Billie Swiggard: It depends on the person. Patients under 18 seeking gender-affirming care are routed into a program called PACTS – pediatric and adolescent comprehensive transgender services. There’s a team approach to care, and – I can’t emphasize this enough – it’s not a cookie-cutter operation. There is a huge variety of potential pathways … At any time before the onset of puberty, a group decision is made that includes the patient, behavioral health staff, medical staff, and parents to give oral medications to prevent the secretion of the so-called gonadotropins, the pituitary hormones that drive the expression of sex hormones at around the time of puberty.
Are there any instances in which you wouldn’t recommend a patient seeking puberty blockers and/or hormone therapy to undergo those treatments?
Abby Walch: At our center, we require the involvement of a mental health therapist who specializes in gender to provide a letter of support for a patient just stating that they’ve talked with them about the pros and cons, risks and benefits of therapy and things that we also cover. But the patient is also talking with them about their gender identity and attesting to the belief that they will benefit from medical intervention. A patient who is in the early adolescent stages of puberty might be eligible for puberty blockers alone for a period of time as they get older. If they persist in their gender identities and if they meet the criteria then for gender-affirming sex hormone therapy – testosterone or estrogen – they may start those therapies. If they decide that they want to stop the puberty blockers and undergo puberty that’s aligned with their sex designated effort, that can happen at any time, too.
Janet Leung: If you have certain activities that are hormone-sensitive, or you’ve had a recent heart attack or stroke, we might want to fully optimize the risk factors. We do know that there is a risk of having blood clots or strokes and heart attacks … For an endocrinologist, there’s always our list of benefits of hormones and the want to decrease the risk of harm. So what is my incremental risk of treating you now, as opposed to the risk of leaving you with your gender dysphoria untreated and having your suicidality or having substance abuse issues?
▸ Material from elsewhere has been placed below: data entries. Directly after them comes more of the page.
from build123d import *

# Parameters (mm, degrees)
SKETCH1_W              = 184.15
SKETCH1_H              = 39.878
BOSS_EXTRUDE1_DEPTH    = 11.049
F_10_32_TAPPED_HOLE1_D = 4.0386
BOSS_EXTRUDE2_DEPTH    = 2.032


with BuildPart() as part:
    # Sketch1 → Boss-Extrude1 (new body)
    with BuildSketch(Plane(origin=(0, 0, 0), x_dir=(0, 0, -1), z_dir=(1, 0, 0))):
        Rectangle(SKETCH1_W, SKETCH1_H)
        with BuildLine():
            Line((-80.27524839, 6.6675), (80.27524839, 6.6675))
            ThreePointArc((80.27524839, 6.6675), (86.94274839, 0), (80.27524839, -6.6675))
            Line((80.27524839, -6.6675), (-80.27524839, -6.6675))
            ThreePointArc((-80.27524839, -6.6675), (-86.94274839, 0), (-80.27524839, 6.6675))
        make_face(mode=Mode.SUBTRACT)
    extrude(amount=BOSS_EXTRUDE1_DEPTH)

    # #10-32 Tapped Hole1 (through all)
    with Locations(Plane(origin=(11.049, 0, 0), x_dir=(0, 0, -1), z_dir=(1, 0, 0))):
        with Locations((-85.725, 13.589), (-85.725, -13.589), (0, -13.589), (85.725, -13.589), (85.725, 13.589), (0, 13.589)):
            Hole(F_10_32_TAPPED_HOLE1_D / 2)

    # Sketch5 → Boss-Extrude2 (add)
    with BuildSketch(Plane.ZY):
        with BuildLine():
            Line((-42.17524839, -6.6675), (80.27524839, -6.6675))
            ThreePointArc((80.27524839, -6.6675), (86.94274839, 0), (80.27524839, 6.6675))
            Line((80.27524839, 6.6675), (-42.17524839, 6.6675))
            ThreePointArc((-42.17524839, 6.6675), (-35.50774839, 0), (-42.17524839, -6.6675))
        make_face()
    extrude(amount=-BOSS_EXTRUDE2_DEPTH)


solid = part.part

How important is this type of care to the LGBTQ+ community and do you see some of the proposed legislation targeting transgender individuals affecting your patients?
Abby Walch: There’s a heaviness that I sense in our field and within our patients and their families that wasn’t there when I started training in this field just a few short years ago. I think the ways in which it is impacting the mental health of our patients are unmeasurable.
Billie Swiggard: We’re talking about something that is not life-threatening but life-affirming. We know that for trans kids who do not get gender-affirming care, the suicide rate is shockingly high compared to those who get gender-affirming care. I was finally able to transition as a senior citizen and I’ve been able to use not only my very identity but also my history of abuse and bullying as a window to open into trauma-informed care because so many of the patients that we see are deeply traumatized. My experience of transitioning has been a joyful and life-affirming one. I’m happy to report that a lot of the people that abused me are now dead and my family has remained hugely supportive.